Je ne me chercherai pas d’excuses, car je mérite votre colère, mais je vous dirai seulement que mes propres sentiments ont aussi été déçus. Lorsque je vous ai demandé de m’épouser, je pensais que nous convenions l’un à l’autre et que je pourrais vous rendre heureuse. Je n’étais pas riche, mais je possédais assez, selon moi, pour assurer un certain confort, et en pensant que vous étiez du genre à vous satisfaire d’une vie modeste, je vous ai invitée à partager la mienne. Notre intimité grandissante m’a démontré mon erreur. Vos désirs extravagants sont bien au-delà de mes moyens, et vos remarques amères et sarcastiques à propos de ceux de vos amis qui ne sont pas riches m’ont montré que vous convoitiez une vie de luxe.
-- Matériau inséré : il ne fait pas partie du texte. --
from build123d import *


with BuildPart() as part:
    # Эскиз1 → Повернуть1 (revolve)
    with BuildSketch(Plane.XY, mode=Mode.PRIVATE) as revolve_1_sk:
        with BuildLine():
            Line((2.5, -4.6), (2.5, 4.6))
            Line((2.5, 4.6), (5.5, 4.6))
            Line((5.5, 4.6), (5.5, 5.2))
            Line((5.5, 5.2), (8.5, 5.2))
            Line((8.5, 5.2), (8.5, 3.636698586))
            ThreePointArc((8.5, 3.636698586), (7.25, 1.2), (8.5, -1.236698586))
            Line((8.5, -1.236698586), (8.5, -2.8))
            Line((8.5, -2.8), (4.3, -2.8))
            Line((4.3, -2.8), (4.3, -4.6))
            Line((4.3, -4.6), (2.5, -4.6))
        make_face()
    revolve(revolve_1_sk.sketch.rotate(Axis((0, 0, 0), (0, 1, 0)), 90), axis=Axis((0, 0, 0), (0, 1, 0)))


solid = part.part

J’ajouterais, puisque vous me demandez d’être franc, que vous m’avez souvent peiné par votre tempérament inégal et maussade, si bien que j’entrevois une vie plutôt malheureuse pour nous deux après ce mariage.

Je sais que l’honneur me lie à vous, et je ne vous demanderai pas de me libérer de ma promesse si vous ne le souhaitez pas, en revanche je vous demanderai respectueusement, si jamais nous nous marions, de ne pas questionner les raisons de ma froideur, car je vous les ai données.

Remettant notre engagement entièrement entre vos mais, je reste, à jamais, votre

Henry Hendricks.

6 « J'aime »
Résumé

Wesh la michetonneuse !

Une lettre en demi-teinte finalement, qui cache derrière ce délicat équilibre entre sincérité et tact, une forme de couardise, en ce que l’auteur laisse à sa promise la responsabilité de décider seule de la destinée de leur relation. « Je ne vous aime plus, et il est inimaginable que je puisse être amené à vous aimer à nouveau, mais si je puis formuler une dernière requête, j’apprécierais que vous fussiez la seule à endosser le déshonneur de rompre nos serments. »

Douze ans auparavant, Gustave Flaubert s’était montré bien moins attentif lorsque le temps de briser l’amourette qui le liait à Louise Collet lui sembla être venu :

Madame,

J’ai appris que vous vous étiez donné la peine de venir, hier, dans la soirée, trois fois chez moi.

Je n’y étais pas ; et, dans la crainte des avanies qu’une telle persistance de votre part pourrait vous attirer de la mienne, le savoir-vivre m’engage à vous prévenir : que je n’y serai jamais.

J’ai l’honneur de vous saluer

Fl.

Libre à chacun de juger de la goujaterie ou non de cet homme. L’intéressée lui attribua en retour les qualificatifs de lâche, de couard et de canaille. Toujours est-il que lorsqu’il dût faire écrire par son personnage de Rodolphe (personnage qui était à ses yeux un symbole de médiocrité), une lettre de rupture destinée à Emma Bovary, il se montra bien plus prolixe, à défaut d’être moins répugnant.

5 « J'aime »

C’est pas mal d’éclairer les lanternes des ignorants coincés au XXe et XXIe siècle :stuck_out_tongue:

Plus sérieusement, j’aime beaucoup la tournure de ces lettres (oui, la dernière est tragique…) et pour celle proposée sur le forum, c’est spécialement gratiné. D’accord avec Anthaus, tant de soin apporté dans les mots choisis pour signifier à Miss Davenport que son caractère ne convient pas à son futur époux et que, si d’aventure elle choisissait néanmoins de ne pas le libérer de sa promesse, la dulcinée superficielle assumerait les conséquences d’une union malheureuse…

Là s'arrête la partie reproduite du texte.